··· Material shown ···
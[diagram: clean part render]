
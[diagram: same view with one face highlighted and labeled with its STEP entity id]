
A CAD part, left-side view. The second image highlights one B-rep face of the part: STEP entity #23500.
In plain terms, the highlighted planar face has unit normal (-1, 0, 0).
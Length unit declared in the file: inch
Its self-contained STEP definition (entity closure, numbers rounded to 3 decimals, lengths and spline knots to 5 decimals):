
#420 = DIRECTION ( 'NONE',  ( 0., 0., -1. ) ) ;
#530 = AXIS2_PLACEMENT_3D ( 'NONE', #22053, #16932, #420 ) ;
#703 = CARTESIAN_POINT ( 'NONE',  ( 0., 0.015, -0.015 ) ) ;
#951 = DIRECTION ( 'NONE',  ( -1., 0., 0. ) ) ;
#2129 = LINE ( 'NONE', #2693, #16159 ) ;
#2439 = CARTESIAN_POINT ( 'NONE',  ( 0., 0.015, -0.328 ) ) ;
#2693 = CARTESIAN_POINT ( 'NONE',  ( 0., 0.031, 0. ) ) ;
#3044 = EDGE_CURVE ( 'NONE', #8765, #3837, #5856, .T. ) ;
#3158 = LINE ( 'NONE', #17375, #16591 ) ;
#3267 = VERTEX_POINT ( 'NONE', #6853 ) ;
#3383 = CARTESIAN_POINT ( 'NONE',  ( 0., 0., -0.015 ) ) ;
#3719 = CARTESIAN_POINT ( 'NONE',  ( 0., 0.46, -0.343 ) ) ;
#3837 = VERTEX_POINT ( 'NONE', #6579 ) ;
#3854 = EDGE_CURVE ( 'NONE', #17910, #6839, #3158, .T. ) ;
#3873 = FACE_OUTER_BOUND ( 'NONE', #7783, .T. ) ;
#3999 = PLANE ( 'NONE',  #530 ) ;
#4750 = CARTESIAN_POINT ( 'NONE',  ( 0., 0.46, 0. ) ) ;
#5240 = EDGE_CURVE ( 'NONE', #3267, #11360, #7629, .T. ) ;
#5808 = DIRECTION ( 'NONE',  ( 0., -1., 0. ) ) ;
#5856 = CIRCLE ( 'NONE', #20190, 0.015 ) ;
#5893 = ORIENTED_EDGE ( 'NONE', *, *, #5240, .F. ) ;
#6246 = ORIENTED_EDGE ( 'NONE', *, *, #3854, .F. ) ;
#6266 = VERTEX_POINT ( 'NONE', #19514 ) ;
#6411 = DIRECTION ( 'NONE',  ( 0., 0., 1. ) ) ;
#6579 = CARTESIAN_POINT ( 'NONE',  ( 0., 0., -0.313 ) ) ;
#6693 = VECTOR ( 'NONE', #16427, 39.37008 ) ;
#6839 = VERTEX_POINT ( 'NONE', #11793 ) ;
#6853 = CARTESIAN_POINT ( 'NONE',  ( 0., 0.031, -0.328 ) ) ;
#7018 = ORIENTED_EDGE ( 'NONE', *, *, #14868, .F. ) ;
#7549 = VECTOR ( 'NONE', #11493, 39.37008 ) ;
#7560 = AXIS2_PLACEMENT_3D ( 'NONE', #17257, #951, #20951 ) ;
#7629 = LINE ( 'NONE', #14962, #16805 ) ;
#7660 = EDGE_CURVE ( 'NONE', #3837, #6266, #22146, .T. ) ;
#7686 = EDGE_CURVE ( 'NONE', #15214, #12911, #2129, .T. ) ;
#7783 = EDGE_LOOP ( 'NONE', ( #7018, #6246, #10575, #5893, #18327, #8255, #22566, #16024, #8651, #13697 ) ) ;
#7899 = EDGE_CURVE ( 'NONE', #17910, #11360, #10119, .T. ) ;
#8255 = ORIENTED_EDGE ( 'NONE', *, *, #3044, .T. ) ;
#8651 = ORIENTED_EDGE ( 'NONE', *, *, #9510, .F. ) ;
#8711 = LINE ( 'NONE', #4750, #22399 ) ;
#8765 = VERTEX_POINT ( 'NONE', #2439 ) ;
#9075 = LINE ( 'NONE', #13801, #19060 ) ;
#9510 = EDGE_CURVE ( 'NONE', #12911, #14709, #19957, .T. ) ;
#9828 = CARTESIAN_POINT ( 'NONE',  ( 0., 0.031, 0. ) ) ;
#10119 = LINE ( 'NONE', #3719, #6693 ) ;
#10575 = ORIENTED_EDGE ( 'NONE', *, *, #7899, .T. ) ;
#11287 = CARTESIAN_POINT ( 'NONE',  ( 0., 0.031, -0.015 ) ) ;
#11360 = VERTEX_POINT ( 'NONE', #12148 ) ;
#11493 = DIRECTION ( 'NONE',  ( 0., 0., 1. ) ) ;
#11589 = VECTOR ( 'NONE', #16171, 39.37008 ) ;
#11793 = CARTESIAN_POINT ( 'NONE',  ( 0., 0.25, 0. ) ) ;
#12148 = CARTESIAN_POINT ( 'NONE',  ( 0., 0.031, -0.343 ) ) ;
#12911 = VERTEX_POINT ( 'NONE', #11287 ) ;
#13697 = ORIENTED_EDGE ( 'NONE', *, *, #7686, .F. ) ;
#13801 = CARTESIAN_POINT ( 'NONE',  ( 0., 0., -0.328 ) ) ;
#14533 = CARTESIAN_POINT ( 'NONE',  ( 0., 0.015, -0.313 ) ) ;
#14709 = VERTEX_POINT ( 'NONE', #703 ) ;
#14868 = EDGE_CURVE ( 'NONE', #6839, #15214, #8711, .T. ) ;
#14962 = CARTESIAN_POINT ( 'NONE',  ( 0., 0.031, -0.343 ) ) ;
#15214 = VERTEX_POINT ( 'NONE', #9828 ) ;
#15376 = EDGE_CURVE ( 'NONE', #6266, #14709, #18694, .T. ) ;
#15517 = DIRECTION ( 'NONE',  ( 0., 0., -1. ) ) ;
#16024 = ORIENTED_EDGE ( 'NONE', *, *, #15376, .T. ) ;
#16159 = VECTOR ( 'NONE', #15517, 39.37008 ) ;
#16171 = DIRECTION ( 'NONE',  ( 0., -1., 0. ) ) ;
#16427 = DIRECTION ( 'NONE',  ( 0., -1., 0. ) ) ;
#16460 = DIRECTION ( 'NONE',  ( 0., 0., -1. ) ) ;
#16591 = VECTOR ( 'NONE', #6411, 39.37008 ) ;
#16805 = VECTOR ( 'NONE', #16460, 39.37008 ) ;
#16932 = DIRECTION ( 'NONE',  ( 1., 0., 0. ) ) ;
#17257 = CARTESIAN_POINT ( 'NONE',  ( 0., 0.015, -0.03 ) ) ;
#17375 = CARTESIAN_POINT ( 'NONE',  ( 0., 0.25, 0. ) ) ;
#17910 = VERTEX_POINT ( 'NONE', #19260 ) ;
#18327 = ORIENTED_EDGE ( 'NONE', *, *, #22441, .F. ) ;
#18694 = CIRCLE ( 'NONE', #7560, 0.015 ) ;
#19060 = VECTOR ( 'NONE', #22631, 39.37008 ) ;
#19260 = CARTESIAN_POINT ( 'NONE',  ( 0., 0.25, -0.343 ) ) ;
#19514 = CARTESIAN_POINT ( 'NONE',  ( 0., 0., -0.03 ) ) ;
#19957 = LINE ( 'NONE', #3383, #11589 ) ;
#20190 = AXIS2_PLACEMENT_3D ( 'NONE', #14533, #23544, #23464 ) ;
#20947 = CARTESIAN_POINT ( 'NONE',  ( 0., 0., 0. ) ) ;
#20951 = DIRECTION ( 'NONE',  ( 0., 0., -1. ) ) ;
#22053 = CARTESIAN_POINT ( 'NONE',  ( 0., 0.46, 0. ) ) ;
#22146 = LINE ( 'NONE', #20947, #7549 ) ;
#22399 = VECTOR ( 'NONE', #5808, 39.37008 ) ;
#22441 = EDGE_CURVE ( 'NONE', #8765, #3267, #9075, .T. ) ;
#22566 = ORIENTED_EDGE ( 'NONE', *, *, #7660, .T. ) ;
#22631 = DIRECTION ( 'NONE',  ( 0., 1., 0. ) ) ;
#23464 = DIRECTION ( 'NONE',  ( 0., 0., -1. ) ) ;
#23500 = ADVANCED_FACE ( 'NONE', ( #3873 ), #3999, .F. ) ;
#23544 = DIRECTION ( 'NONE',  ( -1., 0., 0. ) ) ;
···
Task prompt >> Where a line of the entries contains the word "diagram", copy that line.

Reply >>
[diagram: clean part render]
[diagram: same view with one face highlighted and labeled with its STEP entity id]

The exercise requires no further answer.